Asher nodded and closed his fist around the other half of the ring. It snapped in half in his grip, splitting evenly between the two of them, before vanishing into a puff of dust. The back of his wrist burned with a sudden, searing heat and Asher hissed as a red line shot across his skin, shimmering until it turned gold. As the pain eased, the redness faded and left only a simple gold bar across the back of his wrist, a line where the colour of his skin had changed. When Asher taped on it, his fingers met warm metal.
‘The potion will go away soon,’ Penn said. ‘Are you ready?’
‘No,’ Asher said. He fingered the gold band around his wrist.
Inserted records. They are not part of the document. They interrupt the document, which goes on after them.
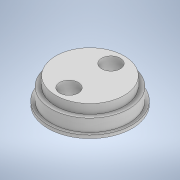
# Autodesk Inventor part: RotorShaft3
Saved by Autodesk Inventor 2021 (Build 250183000, 183)
## iProperties
Created: 2022-08-31
Part Number: RotorShaft3
Material: Ogólny
Document SubType Name: Modeling
Designer: MicnedSQ
Density: 1 g/cm^3
Appearance: Domyślna
Author: MicnedSQ
Autodesk Inventor part; units mm, degrees
ref_plane "YZ Plane" through (0, 0, 0) normal (1, 0, 0) x (0, 1, 0)
ref_plane "XZ Plane" through (0, 0, 0) normal (0, 1, 0) x (-1, 0, 0)
ref_plane "XY Plane" through (0, 0, 0) normal (0, 0, 1) x (1, 0, 0)
sketch "Szkic1" plane through (0, 0, 0) normal (0, 1, 0) x (-1, 0, 0)
  circle A0 centre (0, 0) radius 13.5
  dimension "d0" = 27
  constraints: 1 centre point, 1 coincident
  measures "d0" diameter of A0
extrude "Wyciągnięcie proste1" add sketch "Szkic1" along normal blind 1
sketch "Szkic2" plane through (0, 1, 0) normal (0, 1, 0) x (1, 0, 0)
  circle A0 centre (0, 0) radius 12.5
  dimension "d3" = 25
  constraints: 1 centre point, 1 coincident
  measures "d3" diameter of A0
extrude "Wyciągnięcie proste2" add sketch "Szkic2" along normal blind 4
sketch "Szkic3" plane through (0, 5, 0) normal (0, 1, 0) x (1, 0, 0)
  arc A0 (2.12, 1.59) -> (2.12, -1.59) centre (0, 0) ccw
  line L0 (2.12, -1.59) -> (2.12, 1.59)
  dimension "d6" = 5.3
  dimension "d7" = 2.12
  constraints: 2 end point, 2 point on circle, 1 centre point, 1 coincident, 1 vertical
  measures "d6" diameter of A0
  measures "d7" distance from line of L0 point (0, 0)
extrude "Wyciągnięcie proste3" cut sketch "Szkic3" against normal through all
sketch "Szkic4" plane through (0, 5, 0) normal (0, 1, 0) x (1, 0, 0)
  circle A0 centre (0, -6.75) radius 3
  point P0 (0, 0)
  dimension "d10" = 6
  constraints: 1 centre point
  measures "d10" diameter of A0
extrude "Wyciągnięcie proste4" cut sketch "Szkic4" against normal blind 2.5
sketch "Szkic5" plane through (0, 2.5, 6.75) normal (0, 1, 0) x (1, 0, 0)
  circle A0 centre (0, 0) radius 1.6
  point P0 (0, 6.75)
  dimension "d13" = 3.2
  constraints: 1 centre point
  measures "d13" diameter of A0
extrude "Wyciągnięcie proste5" cut sketch "Szkic5" against normal blind 3.5
pattern_circular "Szyk kołowy1" count 2 over 360 about axis through (0, 1, 0) along (0, 1, 0) of "Wyciągnięcie proste4", "Wyciągnięcie proste5"
sketch "Szkic6" plane through (0, 5, 0) normal (0, 1, 0) x (1, 0, 0)
  circle A0 centre (0, 0) radius 11
  circle A1 centre (0, 6.75) radius 3 projected
  circle A2 centre (0, 6.75) radius 3
  circle A3 centre (0, -6.75) radius 3 projected
  circle A4 centre (0, -6.75) radius 3
  arc A5 (2.12, 1.59) -> (2.12, -1.59) centre (0, 0) ccw
  line L0 (2.12, 1.59) -> (2.12, -1.59) projected
  line L1 (2.12, -1.59) -> (2.12, 1.59)
  dimension "d19" = 22
  constraints: 4 centre point, 4 coincident, 2 end point, 2 point on circle, 1 collinear
  measures "d19" diameter of A0
extrude "Wyciągnięcie proste6" add sketch "Szkic6" along normal blind 3
sketch "Szkic7" plane through (0, 8, 0) normal (0, 1, 0) x (1, 0, 0)
  arc A0 (2.12, 1.59) -> (2.12, -1.59) centre (0, 0) ccw
  line L0 (2.12, 1.59) -> (2.12, -1.59) projected
  line L1 (2.12, -1.59) -> (2.12, 1.59)
  constraints: 2 end point, 2 point on circle, 1 centre point, 1 coincident, 1 collinear
extrude "Wyciągnięcie proste7" add sketch "Szkic7" against normal blind 0.5

A duplicate one marked Penn’s wrist, the other half of the snapped band. ‘But we have to, don’t we?’
‘If we stay here, the Fienta would come,’ Penn said. ‘And your world would be gone.’
Asher nodded. They could sit here and talk about it for the rest of time, but it didn’t change anything. The world was about to change. It was passed the time to be ready for it.